3. South Dakota has some of the poorest counties in the nation. Not surprising and all these counties are on the Indian reservations One of the things the reservations is missing is access. In some case the only way in or out is a two lane highway, that can easily be blocked by snow and snow drifts. Having access to passenger service and less than a car load freight service could go a long way in helping these reservations.

4. There are number of events in South Dakota that parking is a issue. Like the State Fair Having special train to service to these events would help ease the parking hassle and be safer overall.

There are a number of other benefits that I haven’t listed.

Getting this done isn’t going to be just a single company, It is going to take the cooperative effort of all the companies, State of South Dakota and surrounding states, the Federal government and all the communities. They are going to have to be sold on the idea.

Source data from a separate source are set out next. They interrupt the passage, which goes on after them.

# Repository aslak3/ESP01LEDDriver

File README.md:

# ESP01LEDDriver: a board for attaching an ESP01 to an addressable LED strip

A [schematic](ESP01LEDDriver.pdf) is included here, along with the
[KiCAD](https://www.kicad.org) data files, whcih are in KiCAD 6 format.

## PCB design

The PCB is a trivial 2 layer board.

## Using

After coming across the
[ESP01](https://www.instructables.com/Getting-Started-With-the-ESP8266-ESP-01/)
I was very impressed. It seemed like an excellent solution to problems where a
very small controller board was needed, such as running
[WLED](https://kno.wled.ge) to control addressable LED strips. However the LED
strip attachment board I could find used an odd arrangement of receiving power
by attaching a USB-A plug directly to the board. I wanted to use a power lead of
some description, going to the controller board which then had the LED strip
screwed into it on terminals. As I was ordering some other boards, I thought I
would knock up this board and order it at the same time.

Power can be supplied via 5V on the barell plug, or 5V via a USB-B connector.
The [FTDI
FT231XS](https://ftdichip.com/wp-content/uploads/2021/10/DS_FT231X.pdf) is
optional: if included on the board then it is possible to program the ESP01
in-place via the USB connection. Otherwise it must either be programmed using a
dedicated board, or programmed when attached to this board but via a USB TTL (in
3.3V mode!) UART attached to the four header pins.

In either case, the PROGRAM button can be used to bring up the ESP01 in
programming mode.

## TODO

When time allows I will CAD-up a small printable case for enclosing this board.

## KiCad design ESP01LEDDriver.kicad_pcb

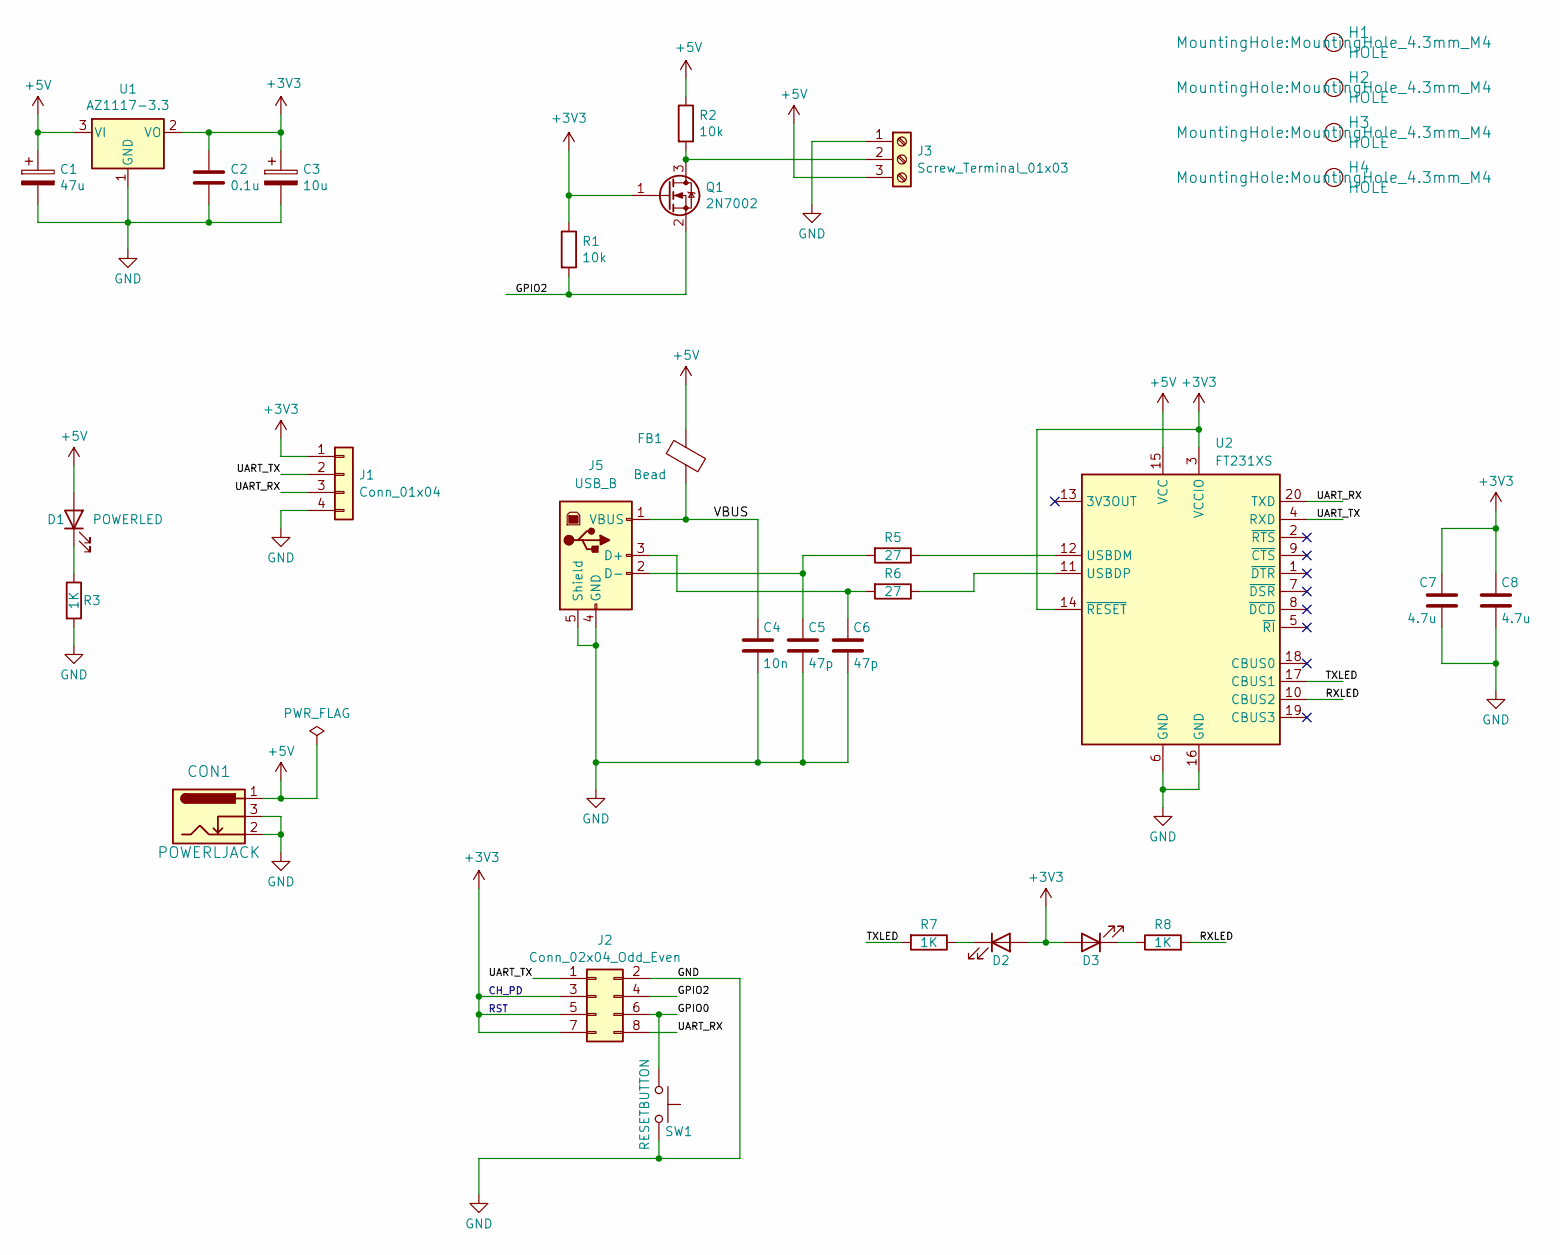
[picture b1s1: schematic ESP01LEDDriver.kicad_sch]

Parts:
C1: 47u; CP_EIA-7343-15_Kemet-W
C2: 0.1u; C_0805_2012Metric
C3: 10u; CP_EIA-3216-10_Kemet-I
C4: 10n; C_0805_2012Metric
C5, C6: 47p; C_0805_2012Metric
C7, C8: 4.7u; C_0805_2012Metric
CON1: POWERLJACK; BarrelJack_Horizontal
D1: POWERLED; LED_1210_3225Metric
D2, D3: UART_LED; LED_1210_3225Metric
FB1: Bead; L_1206_3216Metric
H1, H2, H3, H4: HOLE; MountingHole_4.3mm_M4
J1: Conn_01x04; PinHeader_1x04_P2.54mm_Vertical
J2: Conn_02x04_Odd_Even; PinHeader_2x04_P2.54mm_Vertical
J3: Screw_Terminal_01x03; TerminalBlock_Philmore_TB133_1x03_P5.00mm_Horizontal
J5: USB_B; USB_B_OST_USB-B1HSxx_Horizontal
Q1: 2N7002; SOT-23; LCSC C8545
R1, R2: 10k; R_0805_2012Metric; LCSC C17414
R3, R7, R8: 1K; R_0805_2012Metric
R5, R6: 27; R_0805_2012Metric
SW1: RESETBUTTON; SW_Push_1P1T_NO_CK_KSC6xxJ
U1: AZ1117-3.3; SOT-223-3_TabPin2
U2: FT231XS; SSOP-20_3.9x8.7mm_P0.635mm

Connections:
+3V3: C2.1, C3.1, C7.1, C8.1, D2.2 (A), D3.2 (A), J1.1, J2.3, J2.5, J2.7, Q1.1 (G), R1.1, U1.2 (VO), U2.3 (VCCIO), U2.14 (~RESET)
+5V: C1.1, CON1.1, D1.2 (A), FB1.1, J3.3, R2.1, U1.3 (VI), U2.15 (VCC)
/GPIO0: J2.6, SW1.1
/GPIO2: J2.4, Q1.2 (S), R1.2
/RXLED: R8.2, U2.10 (CBUS2)
/TXLED: R7.2, U2.17 (CBUS1)
/UART_RX: J1.3, J2.8, U2.20 (TXD)
/UART_TX: J1.2, J2.1, U2.4 (RXD)
/VBUS: C4.1, FB1.2, J5.1 (VBUS)
GND: C1.2, C2.2, C3.2, C4.2, C5.2, C6.2, C7.2, C8.2, CON1.2, CON1.3, J1.4, J2.2, J3.1, J5.4 (GND), J5.5 (Shield), R3.2, SW1.2, U1.1 (GND), U2.6 (GND), U2.16 (GND)
unnamed: D1.1 (K), R3.1
unnamed: D2.1 (K), R7.1
unnamed: D3.1 (K), R8.1
unnamed: J3.2, Q1.3 (D), R2.2
unnamed: C6.1, J5.3 (D+), R6.2
unnamed: C5.1, J5.2 (D-), R5.2
unnamed: R5.1, U2.12 (USBDM)
unnamed: R6.1, U2.11 (USBDP)

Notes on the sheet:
RST
CH_PD

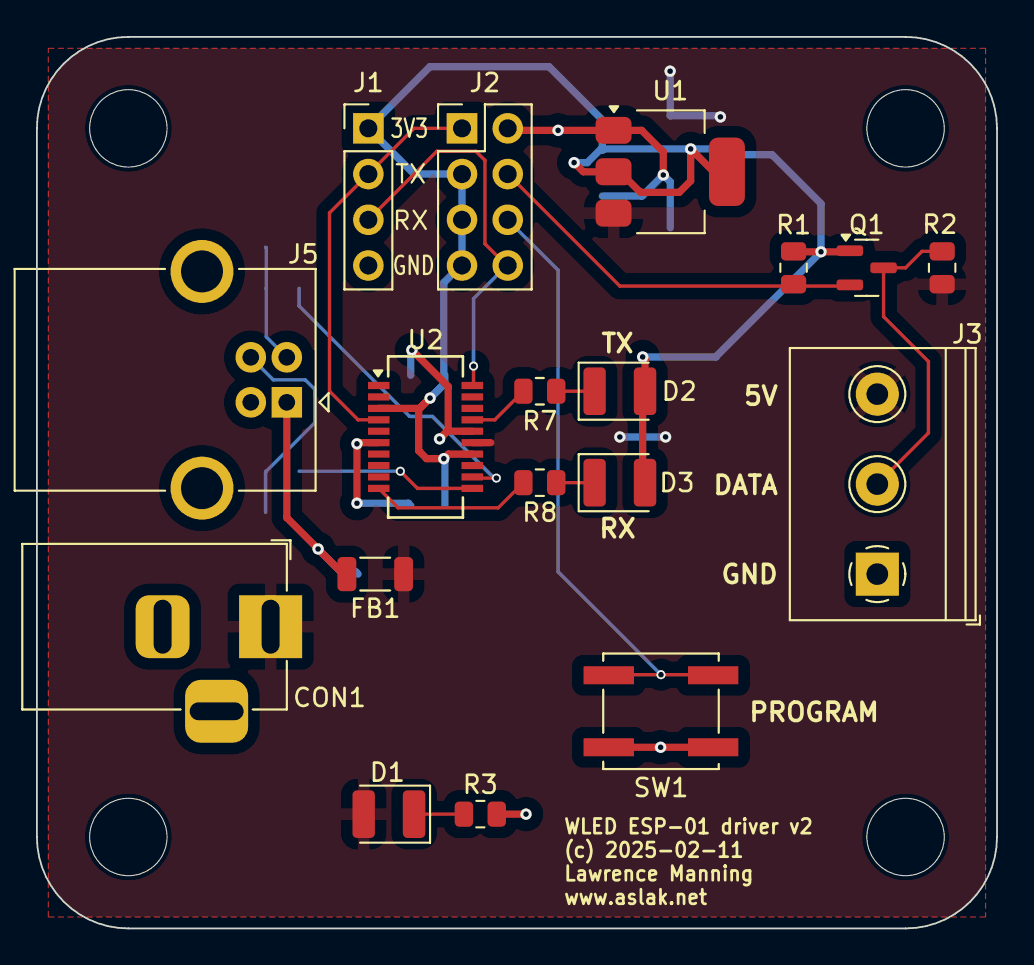
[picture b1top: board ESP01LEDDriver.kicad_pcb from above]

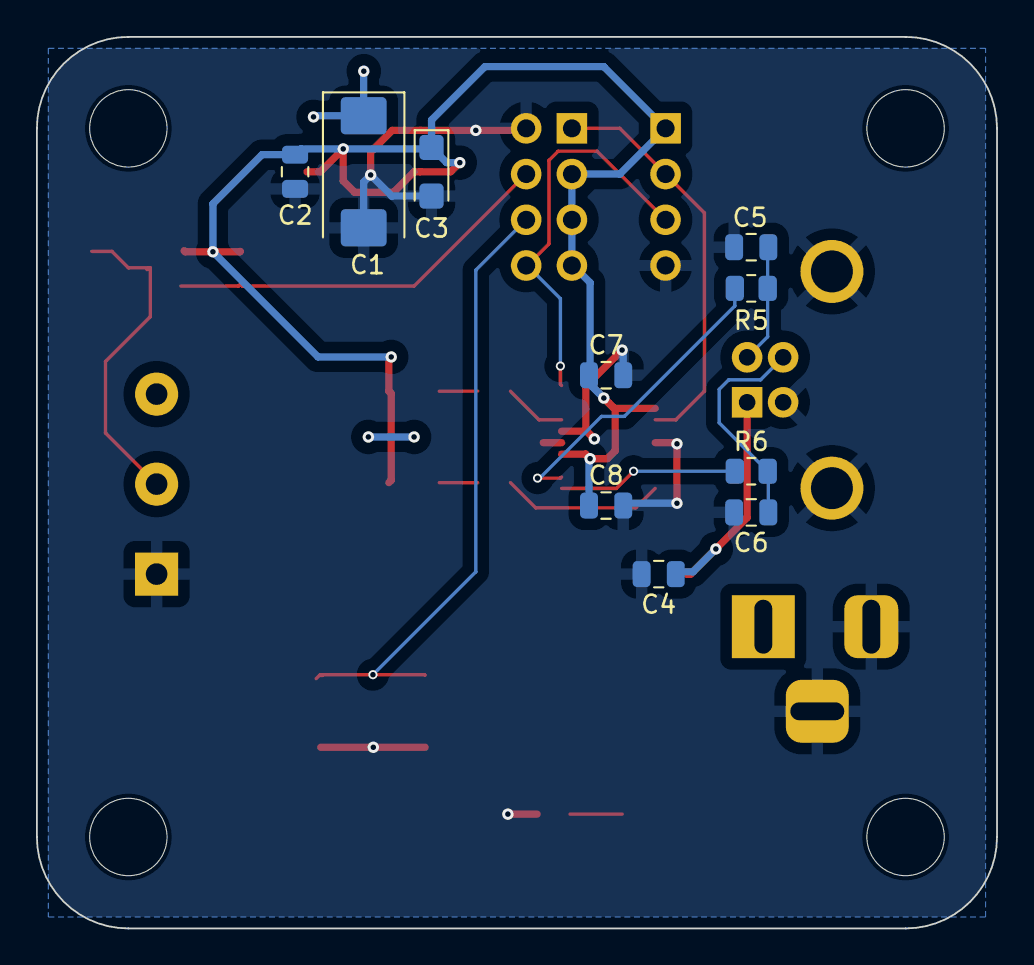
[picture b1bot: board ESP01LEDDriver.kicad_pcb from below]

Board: 2 copper layers, 53.3 x 49.5 mm, 32 parts (10 on the bottom side), 18 nets.

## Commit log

2025-03-31 v2: added an FTDI IC for programming the ESP01 in place
    This part is optional: if included on a built up board then the ESP01 can
    be programmed without removing it from the board or using a USB UART
    attached to the header pins.
    Thanks to Phil Mehew (www.mehew.net) for this suggestion!

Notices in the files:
ESP01LEDDriver.kicad_pcb:
(c) 2025-02-11

It is not going to be easy.

Is the effort worth it?


----------



## Bob Dylan

You just described every State in the US that currently has Amtrak Service as well as other Rail!

As you said,Money is the Key ingredient, where is it coming from??


----------



## Anthony V

I believe South Dakota's best hope for restoring passenger rail service would be a train running from Omaha to Sioux Falls via Sioux City, timed to connect with the California Zephyr. However, I don't see this happening anytime soon because the states of Iowa and South Dakota would have to subsidize it due to PRIIA 2008. South Dakota has never shown an interest in subsidizing passenger rail. Back in the 1990's when federal money to help bring rail service to states lacking Amtrak service at the time was given to those states (the same source of funds used by Oklahoma to set up the Heartland Flyer, and Maine to set up the Downeaster), South Dakota used that money for highway projects instead.


----------



## neroden

In the spirit of promoting basic economic principles of railroading, I will say that any service to South Dakota should start with service to Sioux Falls, the largest city -- and frankly the only one worthy of service at all.  All the other cities in SD are smaller than Ithaca, NY, so give us service first.  

Agreed that Omaha-Sioux City-Sioux Falls would make sense, and it's pretty much the only route which does.


----------



## dogbert617

jis said:


> Let's face it.... Road is King in that part of the country. No one gives two hoots about passenger rail.  unless it runs on rickety tracks using pre-historic equipment for a few miles for the amusement of tourists.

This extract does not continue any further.